Are this species also snails hunters?
Where can i get them and how much is one?

Haha thanks for reading my noob questions. Also thousands of thanks for advices and feedback.

Regards
Anthony

----------


## WiNd08

Indian Dwarf Puffers
Shouldn't be a problem with your current tankmates as long as it got its food.
They do hunt snails
You can try Seaview, NA, Colorful, C328 they usually stock them  :Wink: 
$1/pc

----------


## dhomosapien

I recently got a 'blue-eyed' puffer. $2.. less than an inch long. He eats snail very effectively and thats the reason I got him.. but,, he also trims my corry's fins =(

----------


## pcfreak

What is its max size of this puffer?




> I recently got a 'blue-eyed' puffer. $2.. less than an inch long. He eats snail very effectively and thats the reason I got him.. but,, he also trims my corry's fins =(

----------


## dhomosapien

No idea. But I doubt he'll grow as big as the other puffers.

----------


## EddyTing

I had dwarf puffer/mini puffer once in my tank to clean up snails. I was effective. Takes about 3 weeks and it's clean. But you may need to take note if there's any tank mates smaller than the puffer, especially slow swimmers. When snails are all gone, his tiny mates are next.

----------


## torque6

Anything inmates smaller than the indian puffer have to be fries, since these mini puffer are no bigger than 2cm..

----------


## Newbiebetta

they are known to bully fishes that are bigger than them, so u want to be careful.

----------


## syburn

I never seem to have any snails - so I feed my puffer with those blood worms, 2 times a day. I wonder if thats enough. My neon tertra have clipped fins and also Cherry bards - but i cant tell if its the puffer doing it.
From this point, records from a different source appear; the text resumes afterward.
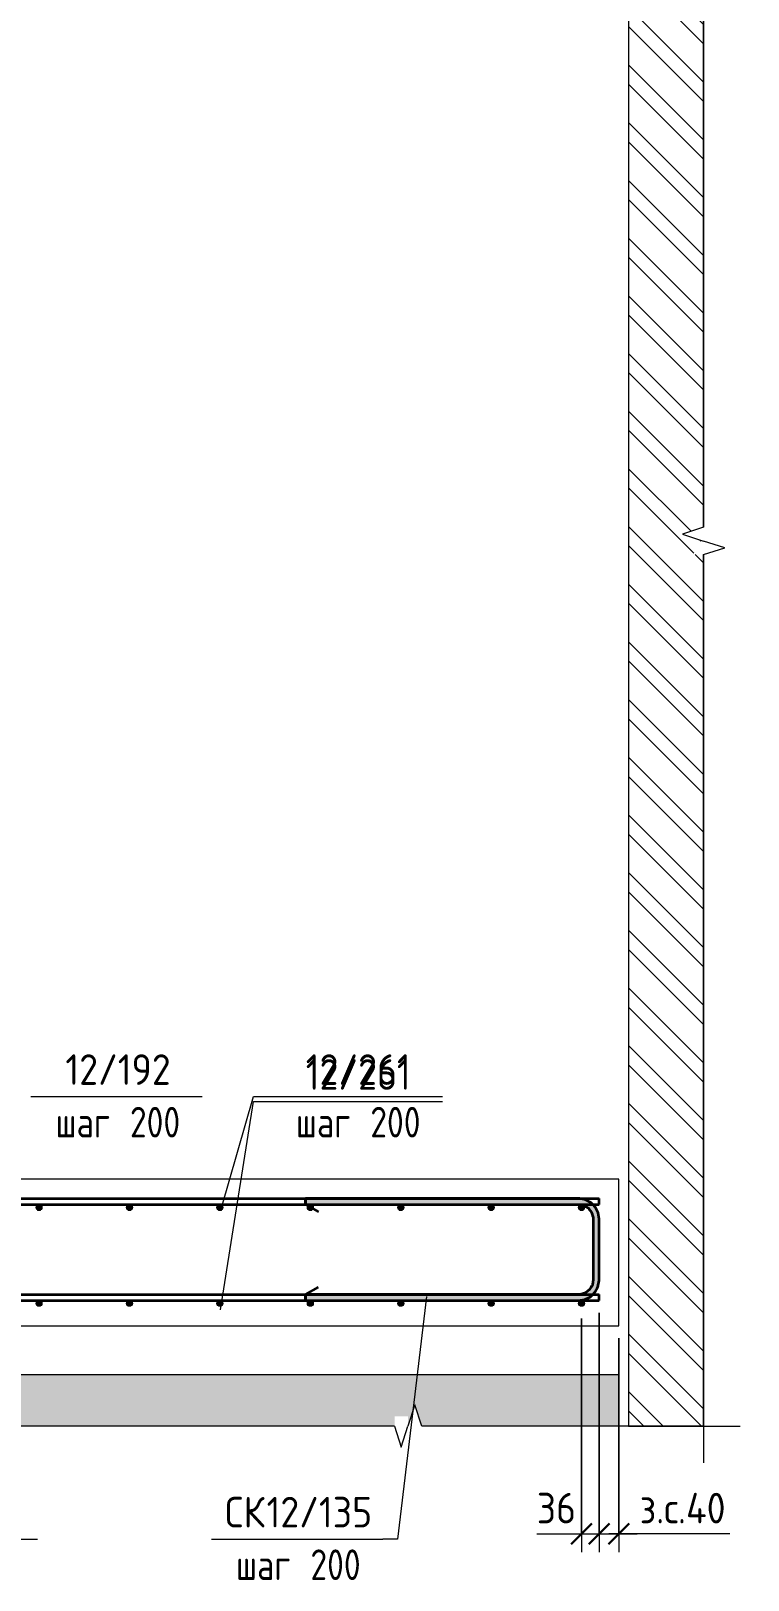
# Model space of a CAD drawing. Header units: millimetres. Extents: x 67134 to 118201, y -4983 to 13821.
# Drawn here: x 113069 to 114535, y -3769 to -604 of the extents above; entities that cross this region are included whole.
import ezdxf

# ---------------------------------------------------------------- set-up
doc = ezdxf.new("R2010")
doc.units = ezdxf.units.MM
for name, color, linetype, lineweight in [('AA_Dim', 7, 'Continuous', 9), ('AA_Dim-25', 7, 'Continuous', 9), ('AA_Linii', 7, 'Continuous', 9), ('AA_Oformlenie', 7, 'Continuous', 9), ('AA_Vinoska', 7, 'Continuous', 9), ('AF_Stena_Опалубка', 253, 'Continuous', 20), ('KR_Armatura', 7, 'Continuous', 20), ('KR_Armatura_Tonkie', 7, 'Continuous', 20), ('KR_Fundament', 7, 'Continuous', 20)]:
    doc.layers.add(name, color=color, linetype=linetype, lineweight=lineweight)
doc.styles.add('ISOCPEUR_7', font='isocpeur.TTF', dxfattribs={"width": 0.9, "height": 62.5})
doc.styles.add('ISOCPEUR_8', font='isocpeur.TTF', dxfattribs={"width": 0.8, "height": 62.5})
doc.dimstyles.new('00_Точн_3_знака__прозр__2', dxfattribs={"dimscale": 304.8, "dimtxt": 62.672186, "dimasz": 0.139436, "dimexe": 0.123031, "dimexo": 0.082021, "dimgap": 0.008202, "dimtad": 1, "dimdec": 3, "dimrnd": 0.001, "dimdsep": 46, "dimtxsty": 'ISOCPEUR_7', "dimblk1": 'OBLIQUE', "dimblk2": 'OBLIQUE', "dimsah": 1, "dimcen": 0.09, "dimdle": 0.123031, "dimazin": 0, "dimtfac": 1, "dimtdec": 4, "dimtix": 1, "dimtmove": 1, "dimatfit": 3, "dimfxl": 1, "dimtvp": 1, "dimtolj": 1, "dimtzin": 0, "dimlwd": 18, "dimlwe": 18, "dimarcsym": 2})

# ---------------------------------------------------------------- blocks, each defined once
blk = doc.blocks.new('350_Стержень П торец СК-СГ _НесАрм_РабПлоск_ - 350_Стержень П торец СК-СГ _НесАрм_РабПлоск_-4078482-2-2 Армирование')
at = {"layer": 'KR_Armatura_Tonkie', "lineweight": 35}
for p, q in [((-9712, -2990), (-10270, -2990)), ((-10270, -3001.8), (-10270, -2990.2)), ((-10270, -2990.2), (-10270, -3001.8)), ((-10270, -3002), (-9712, -3002)), ((-10270, -3002), (-10244, -3017)), ((-9712, -3002), (-9702.5, -3003.7)), ((-9700, -3004.8), (-9693.5, -3008.7)), ((-9691.6, -3010.1), (-9685.7, -3017.7)), ((-9685, -3019.5), (-9682.7, -3027)), ((-9682, -3032), (-9682, -3156)), ((-9670, -3156), (-9670, -3032)), ((-9682, -3156), (-9683.7, -3165.5)), ((-10270, -3186), (-10244, -3171)), ((-9712, -3186), (-10270, -3186)), ((-10270, -3186.2), (-10270, -3197.8)), ((-10270, -3197.8), (-10270, -3186.2)), ((-9699.5, -3183), (-9707, -3185.3)), ((-9690.1, -3176.4), (-9697.7, -3182.3)), ((-9684.8, -3168), (-9688.7, -3174.5)), ((-10270, -3198), (-9712, -3198))]:
    blk.add_line(p, q, dxfattribs=at)
at = {"layer": 'KR_Armatura_Tonkie', "lineweight": 35, "flags": 128}
for points in [[(-9707.6, -2990.6), (-9710.5, -2990), (-9712, -2990)], [(-9695.3, -2993.9), (-9697.9, -2992.5), (-9699.4, -2992.2)], [(-9684.9, -3000.3), (-9686.6, -2998.6), (-9688.6, -2997.5)], [(-9677.1, -3009), (-9677.7, -3007.8), (-9679.7, -3005.7)], [(-9671.8, -3020.2), (-9672, -3019.3), (-9673.3, -3016.6)], [(-9670.6, -3160.4), (-9670, -3157.5), (-9670, -3156)], [(-9700.2, -3196.2), (-9699.3, -3196), (-9696.6, -3194.7)], [(-9689.3, -3191.1), (-9687.8, -3190.3), (-9685.7, -3188.3)], [(-9680.3, -3183.1), (-9678.6, -3181.4), (-9677.5, -3179.4)], [(-9673.9, -3172.7), (-9672.5, -3170.1), (-9672.2, -3168.6)]]:
    blk.add_lwpolyline(points, dxfattribs=at)
blk = doc.blocks.new('350_Стержень П торец СК-СГ _НесАрм_РабПлоск_ - 350_Стержень П торец СК-СГ _НесАрм_РабПлоск_-V13-2-2 Армирование')
at = {"layer": 'KR_Armatura_Tonkie', "lineweight": 35}
for points in [[(-10270, -3002), (-9712, -3001.8), (-9712, -2990), (-10270, -2990.2), (-10270, -3001.8)], [(-9677.6, -3032), (-9670, -3032), (-9671.4, -3021.1), (-9675.8, -3010.7), (-9682.7, -3002), (-9691, -2995.6), (-9701.1, -2991.4), (-9712, -2990.2), (-9712, -3002), (-9704.2, -3003), (-9697, -3006), (-9690.8, -3010.8), (-9685.9, -3017.3), (-9683, -3024.3), (-9681.8, -3032), (-9679, -3032)], [(-9676, -3156), (-9670, -3156), (-9670.2, -3032), (-9682, -3032), (-9681.8, -3156), (-9677.6, -3156)], [(-9712, -3198), (-9701.1, -3196.6), (-9690.7, -3192.2), (-9682.3, -3185.7), (-9675.6, -3177), (-9671.4, -3166.9), (-9670.2, -3156), (-9682, -3156), (-9683, -3163.8), (-9686.1, -3171.2), (-9690.8, -3177.2), (-9697.3, -3182.1), (-9704.3, -3185), (-9712, -3186.2), (-9712, -3197.8)], [(-10270, -3198), (-9712, -3197.8), (-9712, -3186), (-10270, -3186.2), (-10270, -3197.8)]]:
    blk.add_hatch(color=256, dxfattribs=at).paths.add_polyline_path(points)
for p, q in [((-9712, -2990), (-10270, -2990)), ((-10270, -3002), (-10270, -2990)), ((-10270, -2990.2), (-10270, -3001.8)), ((-10270, -3002), (-9712, -3002)), ((-10270, -3002), (-10244, -3017)), ((-9682, -3032), (-9682, -3156)), ((-9670, -3156), (-9670, -3032)), ((-10270, -3186), (-10244, -3171)), ((-9712, -3186), (-10270, -3186)), ((-10270, -3198), (-10270, -3186)), ((-10270, -3186.2), (-10270, -3197.8)), ((-10270, -3198), (-9712, -3198))]:
    blk.add_line(p, q, dxfattribs=at)
at = {"layer": 'KR_Armatura_Tonkie', "lineweight": 35, "flags": 128}
for points in [[(-9683.3, -3002), (-9686.6, -2998.6), (-9697.9, -2992.5), (-9710.5, -2990), (-9712, -2990)], [(-9712, -3002), (-9701.3, -3004), (-9692.1, -3009.6), (-9685.4, -3018.1), (-9682.2, -3028.5), (-9682, -3032)], [(-9670, -3032), (-9672, -3019.3), (-9677.7, -3007.8), (-9683.3, -3002)], [(-9682, -3156), (-9684, -3166.7), (-9689.6, -3175.9), (-9698.1, -3182.6), (-9708.5, -3185.8), (-9712, -3186)], [(-9683.3, -3186), (-9678.6, -3181.4), (-9672.5, -3170.1), (-9670, -3157.5), (-9670, -3156)], [(-9712, -3198), (-9699.3, -3196), (-9687.8, -3190.3), (-9683.3, -3186)]]:
    blk.add_lwpolyline(points, dxfattribs=at)
blk = doc.blocks.new('011_Прямоугольник обрыва _ЭлУзла_ - 011_Прямоугольник обрыва _ЭлУзла_-4121425-2-2 Армирование')
at = {"layer": 'AA_Oformlenie'}
for p, q in [((-9456.7, 1943.3), (-9456.7, -1618.1)), ((-9456.7, -1673.7), (-9456.7, -3454.8)), ((-10088.3, -3454.8), (-11240.9, -3454.8)), ((-9456.7, -3454.8), (-10032.7, -3454.8))]:
    blk.add_line(p, q, dxfattribs=at)
blk = doc.blocks.new('DIMBLOCK111-2-2 Армирование')
at = {"layer": 'AA_Dim-25', "lineweight": 18}
for p, q in [((114230.5, -3223), (114230.5, -3712.5)), ((114230.5, -3675), (114230.5, -3223)), ((114194.5, -3235), (114194.5, -3712.5)), ((114194.5, -3675), (114194.5, -3235)), ((114102.9, -3675), (114206, -3675)), ((114157, -3675), (114230.5, -3675)), ((114206, -3675), (114212.5, -3675))]:
    blk.add_line(p, q, dxfattribs=at)
at = {"layer": 'AA_Dim-25', "lineweight": 30}
for p, q in [((114194.5, -3675), (114215.8, -3653.8)), ((114230.5, -3675), (114251.8, -3653.8)), ((114194.5, -3675), (114173.3, -3696.3)), ((114230.5, -3675), (114209.3, -3696.3))]:
    blk.add_line(p, q, dxfattribs=at)
at = {"layer": 'AA_Dim-25', "color": 0, "lineweight": 18, "insert": (114102.9, -3591.1), "char_height": 62.5, "width": 93.654, "attachment_point": 1, "line_spacing_factor": 1.135194, "style": 'ISOCPEUR_7'}
blk.add_mtext('36', dxfattribs=at)
blk = doc.blocks.new('_Oblique')
at = {"color": 0, "linetype": 'ByBlock', "lineweight": -2}
blk.add_line((-0.5, -0.5), (0.5, 0.5), dxfattribs=at)
blk = doc.blocks.new('DIMBLOCK112-2-2 Армирование')
at = {"layer": 'AA_Dim-25', "lineweight": 18}
for p, q in [((114230.5, -3223), (114230.5, -3712.5)), ((114230.5, -3675), (114230.5, -3223)), ((114270.5, -3275), (114270.5, -3712.5)), ((114270.5, -3675), (114270.5, -3275)), ((114230.5, -3675), (114308, -3675)), ((114288.3, -3675), (114250.5, -3675)), ((114497.8, -3675), (114288.3, -3675))]:
    blk.add_line(p, q, dxfattribs=at)
at = {"layer": 'AA_Dim-25', "lineweight": 30}
for p, q in [((114230.5, -3675), (114251.8, -3653.8)), ((114270.5, -3675), (114291.8, -3653.8)), ((114230.5, -3675), (114209.3, -3696.3)), ((114270.5, -3675), (114249.3, -3696.3))]:
    blk.add_line(p, q, dxfattribs=at)
at = {"layer": 'AA_Dim-25', "color": 0, "lineweight": 18, "insert": (114313.3, -3591.1), "char_height": 62.5, "width": 221.363, "attachment_point": 1, "line_spacing_factor": 1.135194, "style": 'ISOCPEUR_7'}
blk.add_mtext('з.с.40', dxfattribs=at)
blk = doc.blocks.new('042_М_Арматуры - Диам длина поз _ Комментарий-3662934-2-2 Армирование')
at = {"layer": 'AA_Vinoska'}
blk.add_line((-10831.3, -2781.2), (-10481.3, -2781.2), dxfattribs=at)

msp = doc.modelspace()

# ---------------------------------------------------------------- hatches: boundary and pattern name
at = {"layer": 'AA_Oformlenie'}
h = msp.add_hatch(dxfattribs=at)
h.set_pattern_fill('FP_14', color=250, style=0, pattern_type=2)
h.set_pattern_definition([(135, (114992.27, 825), (-58.9331, -58.9331), []), (135, (115031.56, 825), (-58.9331, -58.9331), [])])
h.paths.add_polyline_path([(114290.5429, -3454.753), (114443.7946, -3454.753), (114443.7946, -1673.7217), (114423.7169, -1673.7217), (114423.7169, -1646.2217), (114443.7946, -1646.2217), (114400.4695, -1632.1445), (114443.7946, -1618.0673), (114443.7946, 1943.341), (114423.7169, 1943.341), (114423.7169, 1970.841), (114443.7946, 1970.841), (114400.4695, 1984.9182), (114443.7946, 1998.9953), (114443.7946, 3779.3723), (114290.5429, 3779.3723), (114290.5429, -3329.3222)])
h = msp.add_hatch(dxfattribs=at)
h.set_pattern_fill('FP_13', color=250, style=0, pattern_type=2)
h.set_pattern_definition([(0, (114992.273, 825), (101.6, 25.4), [8.382, -67.818, 8.382, -67.818, -406.4]), (0, (114992.273, 825), (101.6, 25.4), [-152.4, 8.382, -144.018, 8.382, -67.818, -177.8]), (0, (114992.273, 825), (101.6, 25.4), [-381, 8.382, -42.418, 8.382, -118.618]), (120, (115030.373, 837.7), (-72.79705, 75.28818), [8.382, -67.818, 8.382, -67.818, -406.4]), (120, (115030.373, 837.7), (-72.79705, 75.28818), [-152.4, 8.382, -144.018, 8.382, -67.818, -177.8]), (120, (115030.373, 837.7), (-72.79705, 75.28818), [-381, 8.382, -42.418, 8.382, -118.618]), (240, (115043.073, 888.5), (-28.80295, -100.68818), [8.382, -67.818, 8.382, -67.818, -406.4]), (240, (115043.073, 888.5), (-28.80295, -100.68818), [-152.4, 8.382, -144.018, 8.382, -67.818, -177.8]), (240, (115043.073, 888.5), (-28.80295, -100.68818), [-381, 8.382, -42.418, 8.382, -118.618])])
h.paths.add_polyline_path([(112604, -3454.753), (112604, -3434.6753), (112631.5, -3434.6753), (112631.5, -3454.753), (112645.5772, -3411.4279), (112659.6544, -3454.753), (113812.1964, -3454.753), (113812.1964, -3434.6753), (113839.6964, -3434.6753), (113839.6964, -3454.753), (113853.7736, -3411.4279), (113867.8507, -3454.753), (114270.5429, -3454.753), (114270.5429, -3350), (112170.5429, -3350), (112170.5429, -3250), (112270.5429, -3250), (112270.5429, -1235), (112027.4019, -1235), (112027.4019, -1618.0673), (112047.0282, -1618.0673), (112047.0282, -1646.2217), (112027.4019, -1646.2217), (112070.7031, -1659.9717), (112027.4019, -1673.7217), (112027.4019, -3454.753), (112485.3156, -3454.753)])
at = {"layer": 'KR_Armatura'}
h = msp.add_hatch(color=256, dxfattribs=at)
edge = h.paths.add_edge_path()
edge.add_arc((113085.7429, -3008), 6, 0, 360)
for points in [[(113082.7429, -3013.1962), (113088.7429, -3013.1962), (113091.7429, -3008), (113088.7429, -3002.8038), (113082.7429, -3002.8038), (113079.7429, -3008)], [(113267.5429, -3013.1962), (113273.5429, -3013.1962), (113276.5429, -3008), (113273.5429, -3002.8038), (113267.5429, -3002.8038), (113264.5429, -3008)], [(113452.3429, -3013.1962), (113458.3429, -3013.1962), (113461.3429, -3008), (113458.3429, -3002.8038), (113452.3429, -3002.8038), (113449.3429, -3008)], [(113637.1429, -3013.1962), (113643.1429, -3013.1962), (113646.1429, -3008), (113643.1429, -3002.8038), (113637.1429, -3002.8038), (113634.1429, -3008)], [(113821.9429, -3013.1962), (113827.9429, -3013.1962), (113830.9429, -3008), (113827.9429, -3002.8038), (113821.9429, -3002.8038), (113818.9429, -3008)], [(114006.7429, -3013.1962), (114012.7429, -3013.1962), (114015.7429, -3008), (114012.7429, -3002.8038), (114006.7429, -3002.8038), (114003.7429, -3008)], [(114197.5429, -3013.1962), (114200.5429, -3008), (114197.5429, -3002.8038), (114191.5429, -3002.8038), (114188.5429, -3008), (114191.5429, -3013.1962)], [(113082.7429, -3209.1962), (113088.7429, -3209.1962), (113091.7429, -3204), (113088.7429, -3198.8038), (113082.7429, -3198.8038), (113079.7429, -3204)], [(113267.5429, -3209.1962), (113273.5429, -3209.1962), (113276.5429, -3204), (113273.5429, -3198.8038), (113267.5429, -3198.8038), (113264.5429, -3204)], [(113452.3429, -3209.1962), (113458.3429, -3209.1962), (113461.3429, -3204), (113458.3429, -3198.8038), (113452.3429, -3198.8038), (113449.3429, -3204)], [(113637.1429, -3209.1962), (113643.1429, -3209.1962), (113646.1429, -3204), (113643.1429, -3198.8038), (113637.1429, -3198.8038), (113634.1429, -3204)], [(113821.9429, -3209.1962), (113827.9429, -3209.1962), (113830.9429, -3204), (113827.9429, -3198.8038), (113821.9429, -3198.8038), (113818.9429, -3204)], [(114006.7429, -3209.1962), (114012.7429, -3209.1962), (114015.7429, -3204), (114012.7429, -3198.8038), (114006.7429, -3198.8038), (114003.7429, -3204)], [(114191.5429, -3209.1962), (114197.5429, -3209.1962), (114200.5429, -3204), (114197.5429, -3198.8038), (114191.5429, -3198.8038), (114188.5429, -3204)]]:
    msp.add_hatch(color=256, dxfattribs=at).paths.add_polyline_path(points)
h = msp.add_hatch(color=256, dxfattribs=at)
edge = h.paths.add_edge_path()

Its lots of fun watching the puffer eating the worms!!

----------


## EddyTing

I had one once in my tank, but after knowing that I have shrimplet in my tank, I removed it. I also like them very much...cute and effective in clearing off snails, but worried for it's other tank mates.

----------


## Rummy Nose

This is one fish that I adore its cute looks & amusing swimming.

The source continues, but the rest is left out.